**Exercise details:**
From the entries below, transcribe exactly the lines between the line holding "#37=DIRECTION('',(-1.,0.,0.));" and the line holding "#67=LINE('',#66,#65);", inclusive; skip all other lines.

**Data for the task:**
+--

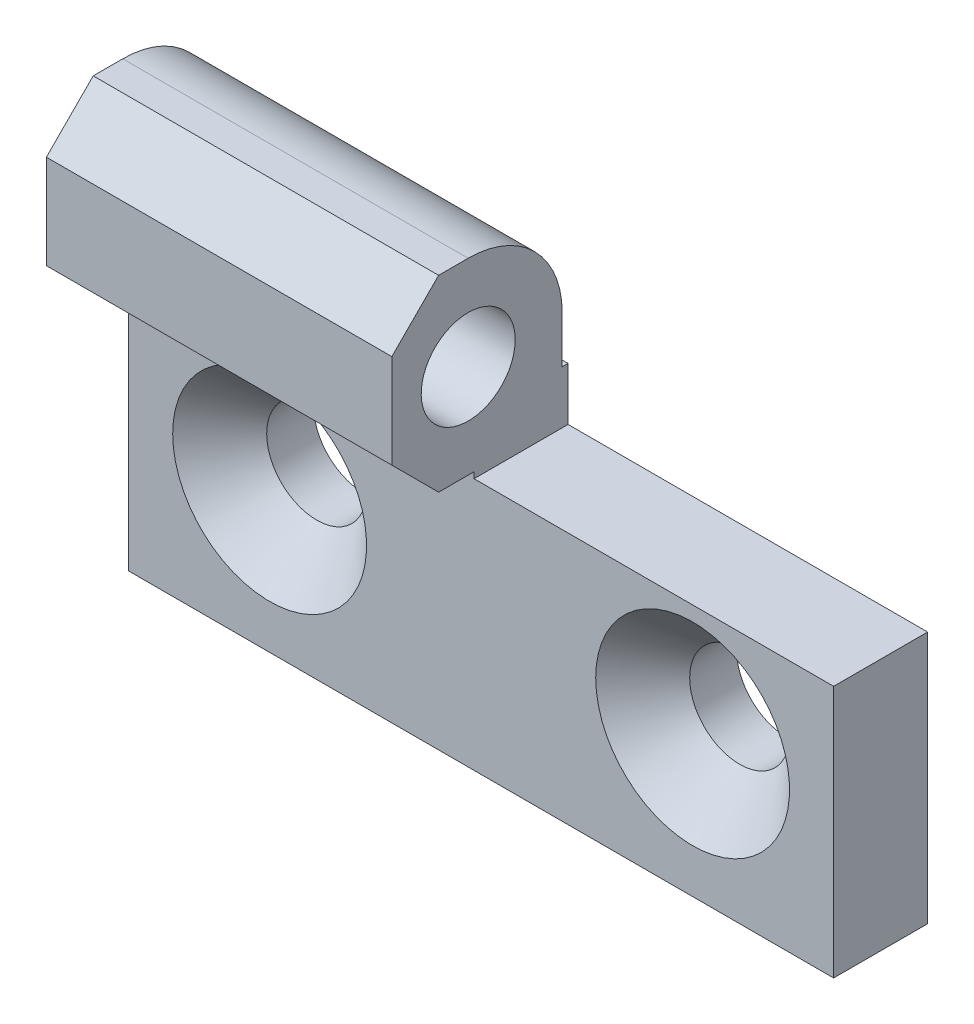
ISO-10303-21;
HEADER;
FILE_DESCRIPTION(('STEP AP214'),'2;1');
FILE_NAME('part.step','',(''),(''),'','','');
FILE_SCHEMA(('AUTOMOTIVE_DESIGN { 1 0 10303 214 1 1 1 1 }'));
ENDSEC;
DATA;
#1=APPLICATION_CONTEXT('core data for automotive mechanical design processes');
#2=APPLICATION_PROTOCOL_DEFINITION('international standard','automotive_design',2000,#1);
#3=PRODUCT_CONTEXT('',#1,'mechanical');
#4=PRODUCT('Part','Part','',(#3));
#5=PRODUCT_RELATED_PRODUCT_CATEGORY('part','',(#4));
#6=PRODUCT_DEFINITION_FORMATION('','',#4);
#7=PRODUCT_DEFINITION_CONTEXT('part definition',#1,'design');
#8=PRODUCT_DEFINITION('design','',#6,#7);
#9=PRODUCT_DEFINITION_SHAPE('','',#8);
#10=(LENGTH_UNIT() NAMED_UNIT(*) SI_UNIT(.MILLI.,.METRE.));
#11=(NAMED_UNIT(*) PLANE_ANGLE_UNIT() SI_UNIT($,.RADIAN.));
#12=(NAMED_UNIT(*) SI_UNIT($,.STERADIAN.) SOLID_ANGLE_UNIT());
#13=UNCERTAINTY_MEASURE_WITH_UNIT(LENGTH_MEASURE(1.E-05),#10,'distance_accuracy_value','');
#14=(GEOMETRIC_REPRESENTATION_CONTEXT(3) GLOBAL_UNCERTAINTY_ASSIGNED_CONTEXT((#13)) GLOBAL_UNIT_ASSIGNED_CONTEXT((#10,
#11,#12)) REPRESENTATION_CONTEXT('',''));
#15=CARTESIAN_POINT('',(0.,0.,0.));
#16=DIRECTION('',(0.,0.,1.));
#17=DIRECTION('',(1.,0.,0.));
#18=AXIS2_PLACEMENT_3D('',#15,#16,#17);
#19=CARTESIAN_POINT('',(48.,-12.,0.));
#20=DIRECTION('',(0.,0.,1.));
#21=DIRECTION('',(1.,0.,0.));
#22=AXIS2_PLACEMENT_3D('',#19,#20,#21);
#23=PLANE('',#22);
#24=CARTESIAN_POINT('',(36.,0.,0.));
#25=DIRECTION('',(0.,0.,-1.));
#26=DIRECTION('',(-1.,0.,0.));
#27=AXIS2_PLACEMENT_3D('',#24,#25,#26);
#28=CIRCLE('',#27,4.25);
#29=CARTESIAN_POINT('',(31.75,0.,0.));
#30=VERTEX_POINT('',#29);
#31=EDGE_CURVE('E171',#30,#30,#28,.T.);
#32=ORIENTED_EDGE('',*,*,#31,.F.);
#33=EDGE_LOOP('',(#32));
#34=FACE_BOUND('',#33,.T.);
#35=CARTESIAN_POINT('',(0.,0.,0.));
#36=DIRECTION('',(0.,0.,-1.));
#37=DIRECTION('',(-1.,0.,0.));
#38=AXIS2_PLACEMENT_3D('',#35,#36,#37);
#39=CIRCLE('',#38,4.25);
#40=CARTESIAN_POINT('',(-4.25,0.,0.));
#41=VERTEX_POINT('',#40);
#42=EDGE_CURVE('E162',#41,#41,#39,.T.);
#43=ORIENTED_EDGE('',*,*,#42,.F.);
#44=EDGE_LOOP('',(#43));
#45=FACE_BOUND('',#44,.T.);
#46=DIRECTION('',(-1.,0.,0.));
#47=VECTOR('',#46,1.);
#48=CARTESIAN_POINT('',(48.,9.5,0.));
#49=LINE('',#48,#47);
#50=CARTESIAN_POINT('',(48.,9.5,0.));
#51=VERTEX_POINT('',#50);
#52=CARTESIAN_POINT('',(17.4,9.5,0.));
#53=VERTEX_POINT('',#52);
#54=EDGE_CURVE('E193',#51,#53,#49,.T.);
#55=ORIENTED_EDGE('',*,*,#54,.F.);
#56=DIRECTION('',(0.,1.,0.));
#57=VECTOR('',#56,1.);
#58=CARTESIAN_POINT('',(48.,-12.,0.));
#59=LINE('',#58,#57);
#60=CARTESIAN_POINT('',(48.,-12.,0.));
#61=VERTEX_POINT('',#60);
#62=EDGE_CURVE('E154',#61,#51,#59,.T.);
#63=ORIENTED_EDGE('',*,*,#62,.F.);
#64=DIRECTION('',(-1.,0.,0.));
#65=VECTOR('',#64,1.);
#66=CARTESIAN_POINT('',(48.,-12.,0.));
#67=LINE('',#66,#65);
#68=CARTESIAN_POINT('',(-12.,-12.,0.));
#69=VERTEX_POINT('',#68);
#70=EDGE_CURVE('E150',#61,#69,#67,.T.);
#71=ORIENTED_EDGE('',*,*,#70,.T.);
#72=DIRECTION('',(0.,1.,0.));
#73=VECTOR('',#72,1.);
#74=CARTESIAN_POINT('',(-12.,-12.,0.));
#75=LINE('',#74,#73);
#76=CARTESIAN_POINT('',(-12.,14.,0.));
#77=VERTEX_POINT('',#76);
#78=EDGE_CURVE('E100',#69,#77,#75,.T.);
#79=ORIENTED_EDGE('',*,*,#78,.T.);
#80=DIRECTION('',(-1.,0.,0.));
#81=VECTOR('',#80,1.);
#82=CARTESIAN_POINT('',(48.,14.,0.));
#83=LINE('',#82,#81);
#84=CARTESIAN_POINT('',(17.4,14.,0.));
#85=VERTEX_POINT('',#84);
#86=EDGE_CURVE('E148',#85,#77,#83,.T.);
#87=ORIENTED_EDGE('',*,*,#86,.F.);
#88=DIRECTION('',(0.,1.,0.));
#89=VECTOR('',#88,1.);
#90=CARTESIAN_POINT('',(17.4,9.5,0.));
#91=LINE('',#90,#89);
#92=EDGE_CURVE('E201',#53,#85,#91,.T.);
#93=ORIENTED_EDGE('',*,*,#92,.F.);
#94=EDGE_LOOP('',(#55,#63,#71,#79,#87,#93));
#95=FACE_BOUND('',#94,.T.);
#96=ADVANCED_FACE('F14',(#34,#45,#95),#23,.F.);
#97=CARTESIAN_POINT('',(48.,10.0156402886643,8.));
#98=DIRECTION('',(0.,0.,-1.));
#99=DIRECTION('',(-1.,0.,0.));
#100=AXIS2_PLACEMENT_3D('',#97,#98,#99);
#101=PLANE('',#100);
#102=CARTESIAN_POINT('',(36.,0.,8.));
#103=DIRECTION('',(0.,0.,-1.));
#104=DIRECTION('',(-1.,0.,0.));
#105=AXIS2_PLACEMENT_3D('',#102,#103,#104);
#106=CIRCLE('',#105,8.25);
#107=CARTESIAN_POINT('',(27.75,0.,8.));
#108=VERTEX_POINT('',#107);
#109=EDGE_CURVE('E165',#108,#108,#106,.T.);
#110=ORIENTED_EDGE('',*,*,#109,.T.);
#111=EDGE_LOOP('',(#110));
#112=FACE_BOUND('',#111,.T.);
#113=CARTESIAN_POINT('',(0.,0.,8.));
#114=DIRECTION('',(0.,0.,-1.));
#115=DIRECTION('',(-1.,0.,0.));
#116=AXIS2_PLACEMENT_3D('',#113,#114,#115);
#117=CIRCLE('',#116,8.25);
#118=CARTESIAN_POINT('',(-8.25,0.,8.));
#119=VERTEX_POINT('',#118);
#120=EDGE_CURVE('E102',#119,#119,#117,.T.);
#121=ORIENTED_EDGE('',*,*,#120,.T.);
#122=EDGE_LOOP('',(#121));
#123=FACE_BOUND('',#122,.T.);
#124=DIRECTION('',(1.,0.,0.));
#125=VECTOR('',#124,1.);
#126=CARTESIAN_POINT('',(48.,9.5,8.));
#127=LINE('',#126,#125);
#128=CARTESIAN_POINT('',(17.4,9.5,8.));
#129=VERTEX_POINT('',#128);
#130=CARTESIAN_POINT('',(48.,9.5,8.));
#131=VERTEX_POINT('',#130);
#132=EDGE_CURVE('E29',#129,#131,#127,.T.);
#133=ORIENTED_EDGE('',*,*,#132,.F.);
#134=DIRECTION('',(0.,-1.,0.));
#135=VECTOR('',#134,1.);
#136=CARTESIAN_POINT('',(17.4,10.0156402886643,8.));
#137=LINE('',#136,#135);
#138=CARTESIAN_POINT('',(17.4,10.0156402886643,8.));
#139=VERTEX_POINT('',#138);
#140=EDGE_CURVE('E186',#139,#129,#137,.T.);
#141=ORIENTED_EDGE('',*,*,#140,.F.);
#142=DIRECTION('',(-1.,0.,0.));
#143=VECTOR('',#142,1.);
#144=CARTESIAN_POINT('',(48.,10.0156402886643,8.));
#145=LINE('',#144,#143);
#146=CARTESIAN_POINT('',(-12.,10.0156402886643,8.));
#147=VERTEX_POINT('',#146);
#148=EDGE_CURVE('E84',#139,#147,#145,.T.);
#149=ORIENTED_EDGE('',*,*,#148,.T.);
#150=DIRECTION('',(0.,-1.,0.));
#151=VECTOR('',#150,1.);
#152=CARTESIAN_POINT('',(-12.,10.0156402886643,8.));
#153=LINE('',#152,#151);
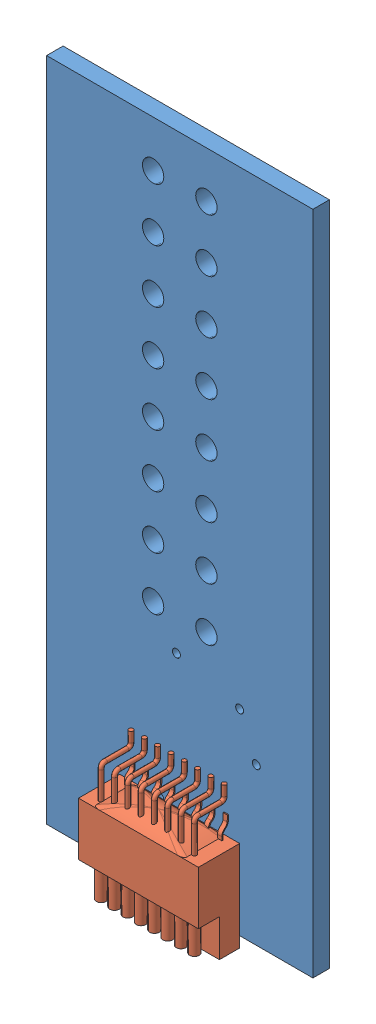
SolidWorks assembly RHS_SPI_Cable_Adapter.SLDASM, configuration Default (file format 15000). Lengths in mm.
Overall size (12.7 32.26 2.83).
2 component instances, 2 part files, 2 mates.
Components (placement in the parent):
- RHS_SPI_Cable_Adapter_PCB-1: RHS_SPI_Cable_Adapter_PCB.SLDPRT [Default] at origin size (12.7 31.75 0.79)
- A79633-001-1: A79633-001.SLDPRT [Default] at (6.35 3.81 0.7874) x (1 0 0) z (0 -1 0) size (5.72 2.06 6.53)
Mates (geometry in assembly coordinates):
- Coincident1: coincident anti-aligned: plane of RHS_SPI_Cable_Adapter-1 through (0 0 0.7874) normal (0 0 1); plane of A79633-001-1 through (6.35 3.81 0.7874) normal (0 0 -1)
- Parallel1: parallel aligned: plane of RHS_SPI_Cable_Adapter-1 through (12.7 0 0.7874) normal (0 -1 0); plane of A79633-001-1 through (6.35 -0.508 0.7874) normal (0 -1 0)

+--

**Written response:**
#37=DIRECTION('',(-1.,0.,0.));
#38=AXIS2_PLACEMENT_3D('',#35,#36,#37);
#39=CIRCLE('',#38,4.25);
#40=CARTESIAN_POINT('',(-4.25,0.,0.));
#41=VERTEX_POINT('',#40);
#42=EDGE_CURVE('E162',#41,#41,#39,.T.);
#43=ORIENTED_EDGE('',*,*,#42,.F.);
#44=EDGE_LOOP('',(#43));
#45=FACE_BOUND('',#44,.T.);
#46=DIRECTION('',(-1.,0.,0.));
#47=VECTOR('',#46,1.);
#48=CARTESIAN_POINT('',(48.,9.5,0.));
#49=LINE('',#48,#47);
#50=CARTESIAN_POINT('',(48.,9.5,0.));
#51=VERTEX_POINT('',#50);
#52=CARTESIAN_POINT('',(17.4,9.5,0.));
#53=VERTEX_POINT('',#52);
#54=EDGE_CURVE('E193',#51,#53,#49,.T.);
#55=ORIENTED_EDGE('',*,*,#54,.F.);
#56=DIRECTION('',(0.,1.,0.));
#57=VECTOR('',#56,1.);
#58=CARTESIAN_POINT('',(48.,-12.,0.));
#59=LINE('',#58,#57);
#60=CARTESIAN_POINT('',(48.,-12.,0.));
#61=VERTEX_POINT('',#60);
#62=EDGE_CURVE('E154',#61,#51,#59,.T.);
#63=ORIENTED_EDGE('',*,*,#62,.F.);
#64=DIRECTION('',(-1.,0.,0.));
#65=VECTOR('',#64,1.);
#66=CARTESIAN_POINT('',(48.,-12.,0.));
#67=LINE('',#66,#65);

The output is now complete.